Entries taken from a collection

--- START ---

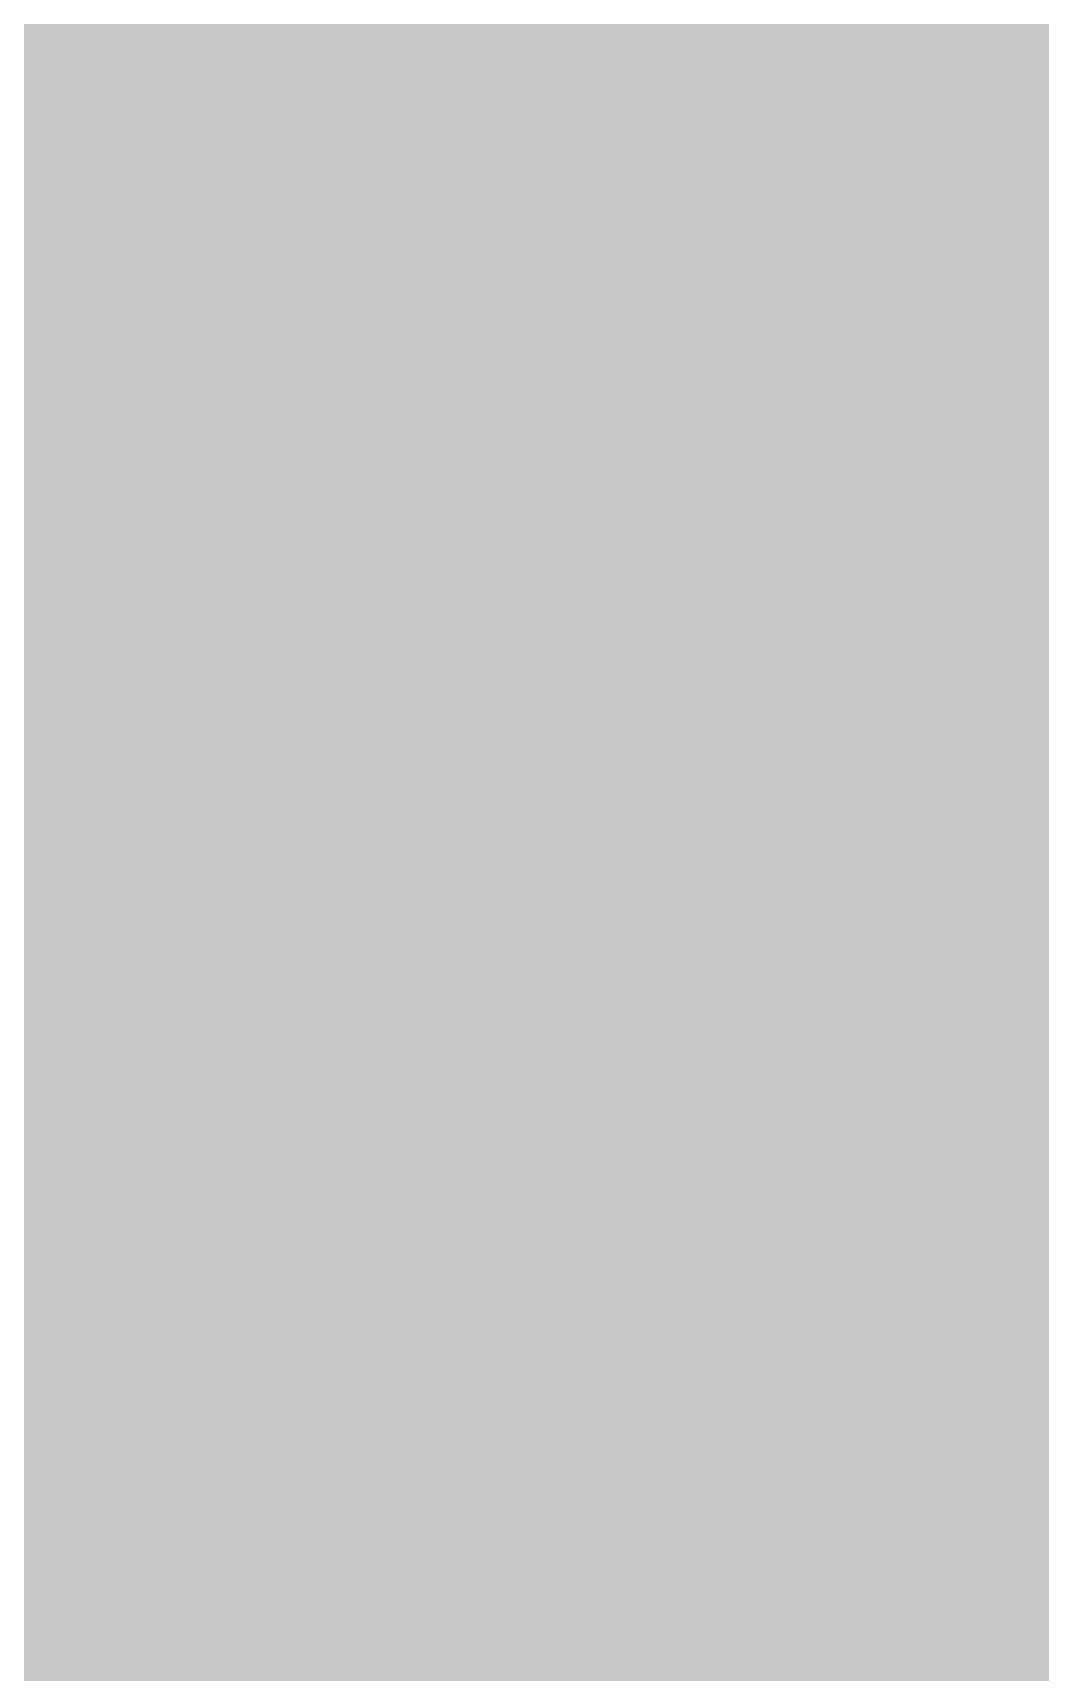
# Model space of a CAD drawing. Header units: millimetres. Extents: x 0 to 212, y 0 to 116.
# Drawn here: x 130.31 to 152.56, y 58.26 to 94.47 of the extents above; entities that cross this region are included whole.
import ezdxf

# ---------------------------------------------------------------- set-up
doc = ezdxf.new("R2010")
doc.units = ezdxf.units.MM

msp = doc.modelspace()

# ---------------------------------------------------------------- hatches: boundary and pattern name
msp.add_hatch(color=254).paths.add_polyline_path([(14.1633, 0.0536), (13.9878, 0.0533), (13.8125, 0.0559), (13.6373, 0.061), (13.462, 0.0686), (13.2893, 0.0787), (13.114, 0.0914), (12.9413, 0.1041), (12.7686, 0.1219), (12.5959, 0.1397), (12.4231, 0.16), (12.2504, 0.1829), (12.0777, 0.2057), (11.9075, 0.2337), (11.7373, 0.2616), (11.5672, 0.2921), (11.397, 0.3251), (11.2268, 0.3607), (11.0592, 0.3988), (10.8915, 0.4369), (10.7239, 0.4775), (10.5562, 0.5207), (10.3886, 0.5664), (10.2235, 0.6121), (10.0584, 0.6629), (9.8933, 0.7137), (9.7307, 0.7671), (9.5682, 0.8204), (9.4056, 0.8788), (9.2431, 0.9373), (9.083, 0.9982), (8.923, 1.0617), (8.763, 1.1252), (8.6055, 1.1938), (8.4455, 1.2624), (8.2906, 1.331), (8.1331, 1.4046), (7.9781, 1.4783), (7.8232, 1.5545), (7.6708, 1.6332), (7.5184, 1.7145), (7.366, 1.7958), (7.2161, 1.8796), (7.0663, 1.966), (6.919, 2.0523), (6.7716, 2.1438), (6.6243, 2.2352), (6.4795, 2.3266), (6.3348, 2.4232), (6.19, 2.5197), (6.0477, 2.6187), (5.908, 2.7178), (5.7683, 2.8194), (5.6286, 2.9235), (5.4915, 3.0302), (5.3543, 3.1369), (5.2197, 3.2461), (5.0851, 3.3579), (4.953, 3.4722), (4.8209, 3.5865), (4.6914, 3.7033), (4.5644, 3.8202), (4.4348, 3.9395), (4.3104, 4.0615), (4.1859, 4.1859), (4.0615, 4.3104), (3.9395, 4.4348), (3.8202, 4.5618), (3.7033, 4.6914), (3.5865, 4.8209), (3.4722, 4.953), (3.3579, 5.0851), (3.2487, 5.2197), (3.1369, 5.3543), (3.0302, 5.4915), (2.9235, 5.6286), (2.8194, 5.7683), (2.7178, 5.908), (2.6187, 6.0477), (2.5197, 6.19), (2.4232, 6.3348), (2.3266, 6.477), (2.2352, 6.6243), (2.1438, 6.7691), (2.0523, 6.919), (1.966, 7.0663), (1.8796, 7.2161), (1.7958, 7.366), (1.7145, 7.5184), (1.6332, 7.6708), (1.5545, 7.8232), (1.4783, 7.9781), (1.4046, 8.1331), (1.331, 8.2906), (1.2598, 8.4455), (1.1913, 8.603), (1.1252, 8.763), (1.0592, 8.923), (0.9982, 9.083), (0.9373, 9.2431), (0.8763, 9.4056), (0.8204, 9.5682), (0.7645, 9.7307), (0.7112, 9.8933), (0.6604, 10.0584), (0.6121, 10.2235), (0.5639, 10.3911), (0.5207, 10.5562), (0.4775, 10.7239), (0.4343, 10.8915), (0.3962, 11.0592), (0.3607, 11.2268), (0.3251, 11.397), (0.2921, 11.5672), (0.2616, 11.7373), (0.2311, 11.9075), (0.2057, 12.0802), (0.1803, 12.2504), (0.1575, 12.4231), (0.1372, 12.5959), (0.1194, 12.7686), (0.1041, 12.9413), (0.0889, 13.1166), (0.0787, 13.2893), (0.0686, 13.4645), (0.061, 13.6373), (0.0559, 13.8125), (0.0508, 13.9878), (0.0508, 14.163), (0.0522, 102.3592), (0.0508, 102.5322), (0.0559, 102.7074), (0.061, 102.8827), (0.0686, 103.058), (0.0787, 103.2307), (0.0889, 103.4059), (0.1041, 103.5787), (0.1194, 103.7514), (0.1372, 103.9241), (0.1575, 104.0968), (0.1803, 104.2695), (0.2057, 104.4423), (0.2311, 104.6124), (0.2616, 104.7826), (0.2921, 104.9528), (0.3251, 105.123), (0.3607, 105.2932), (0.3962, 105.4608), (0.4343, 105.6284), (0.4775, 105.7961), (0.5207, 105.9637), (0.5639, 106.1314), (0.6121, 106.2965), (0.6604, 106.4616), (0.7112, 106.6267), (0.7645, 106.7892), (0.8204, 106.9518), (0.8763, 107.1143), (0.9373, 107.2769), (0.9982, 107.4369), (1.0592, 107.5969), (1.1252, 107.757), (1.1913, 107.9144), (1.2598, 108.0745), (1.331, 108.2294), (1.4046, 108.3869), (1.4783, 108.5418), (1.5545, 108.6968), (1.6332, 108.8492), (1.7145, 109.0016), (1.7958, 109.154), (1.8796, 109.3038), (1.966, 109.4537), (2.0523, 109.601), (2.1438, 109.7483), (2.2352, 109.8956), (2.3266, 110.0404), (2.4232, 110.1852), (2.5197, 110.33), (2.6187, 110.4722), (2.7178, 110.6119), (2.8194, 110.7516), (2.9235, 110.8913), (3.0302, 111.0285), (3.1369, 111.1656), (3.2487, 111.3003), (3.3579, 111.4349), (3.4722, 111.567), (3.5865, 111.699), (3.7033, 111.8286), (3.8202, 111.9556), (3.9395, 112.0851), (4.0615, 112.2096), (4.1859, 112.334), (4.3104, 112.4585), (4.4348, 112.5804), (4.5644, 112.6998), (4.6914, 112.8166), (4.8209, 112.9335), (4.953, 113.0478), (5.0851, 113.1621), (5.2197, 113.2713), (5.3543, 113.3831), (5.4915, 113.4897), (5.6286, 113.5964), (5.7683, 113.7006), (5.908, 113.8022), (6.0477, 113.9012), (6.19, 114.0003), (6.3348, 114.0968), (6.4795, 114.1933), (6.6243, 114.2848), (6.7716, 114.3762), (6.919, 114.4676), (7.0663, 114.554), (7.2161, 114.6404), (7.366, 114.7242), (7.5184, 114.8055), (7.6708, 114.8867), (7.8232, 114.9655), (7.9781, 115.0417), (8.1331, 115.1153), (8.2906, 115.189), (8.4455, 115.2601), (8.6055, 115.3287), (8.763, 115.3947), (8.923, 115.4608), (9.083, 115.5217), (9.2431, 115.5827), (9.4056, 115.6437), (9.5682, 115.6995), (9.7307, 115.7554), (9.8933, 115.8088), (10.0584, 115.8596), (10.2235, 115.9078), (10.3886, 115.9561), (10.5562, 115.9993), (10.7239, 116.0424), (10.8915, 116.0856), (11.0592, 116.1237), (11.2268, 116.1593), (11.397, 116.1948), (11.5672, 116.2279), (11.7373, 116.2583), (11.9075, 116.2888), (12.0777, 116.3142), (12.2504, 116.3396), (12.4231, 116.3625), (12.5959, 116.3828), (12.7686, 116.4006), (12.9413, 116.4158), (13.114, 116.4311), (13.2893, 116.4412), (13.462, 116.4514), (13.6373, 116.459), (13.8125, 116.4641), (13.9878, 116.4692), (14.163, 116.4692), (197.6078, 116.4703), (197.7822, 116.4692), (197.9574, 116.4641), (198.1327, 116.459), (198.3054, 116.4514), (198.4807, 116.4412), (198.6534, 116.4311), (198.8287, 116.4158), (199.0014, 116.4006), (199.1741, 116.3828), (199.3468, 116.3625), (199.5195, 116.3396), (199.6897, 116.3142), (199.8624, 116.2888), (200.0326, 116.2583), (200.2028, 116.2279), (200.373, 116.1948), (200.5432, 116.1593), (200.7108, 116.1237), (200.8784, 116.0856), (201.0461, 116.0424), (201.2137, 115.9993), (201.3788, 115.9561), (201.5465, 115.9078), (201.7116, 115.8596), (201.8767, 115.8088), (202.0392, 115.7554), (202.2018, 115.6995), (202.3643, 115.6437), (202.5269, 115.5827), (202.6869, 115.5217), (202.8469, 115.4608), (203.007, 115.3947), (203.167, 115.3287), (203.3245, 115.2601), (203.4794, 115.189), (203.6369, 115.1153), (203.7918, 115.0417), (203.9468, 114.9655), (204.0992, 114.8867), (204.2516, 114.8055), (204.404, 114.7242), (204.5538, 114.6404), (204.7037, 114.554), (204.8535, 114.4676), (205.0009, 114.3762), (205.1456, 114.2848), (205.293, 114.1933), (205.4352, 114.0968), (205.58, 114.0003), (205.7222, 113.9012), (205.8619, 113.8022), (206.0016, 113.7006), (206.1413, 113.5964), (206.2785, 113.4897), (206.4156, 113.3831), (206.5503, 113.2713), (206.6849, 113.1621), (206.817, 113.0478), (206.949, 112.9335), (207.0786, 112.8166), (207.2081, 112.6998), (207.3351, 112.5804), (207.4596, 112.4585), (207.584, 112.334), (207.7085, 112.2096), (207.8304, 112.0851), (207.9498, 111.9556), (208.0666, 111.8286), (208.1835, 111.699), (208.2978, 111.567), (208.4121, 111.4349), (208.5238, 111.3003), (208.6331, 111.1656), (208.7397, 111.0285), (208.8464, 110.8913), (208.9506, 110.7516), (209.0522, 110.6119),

--- END ---

Verbatim transcription needed, from the opening line of the entries above through the line containing "and pattern name"; pictures do not belong in it.

# Model space of a CAD drawing. Header units: millimetres. Extents: x 0 to 212, y 0 to 116.
# Drawn here: x 130.31 to 152.56, y 58.26 to 94.47 of the extents above; entities that cross this region are included whole.
import ezdxf

# ---------------------------------------------------------------- set-up
doc = ezdxf.new("R2010")
doc.units = ezdxf.units.MM

msp = doc.modelspace()

# ---------------------------------------------------------------- hatches: boundary and pattern name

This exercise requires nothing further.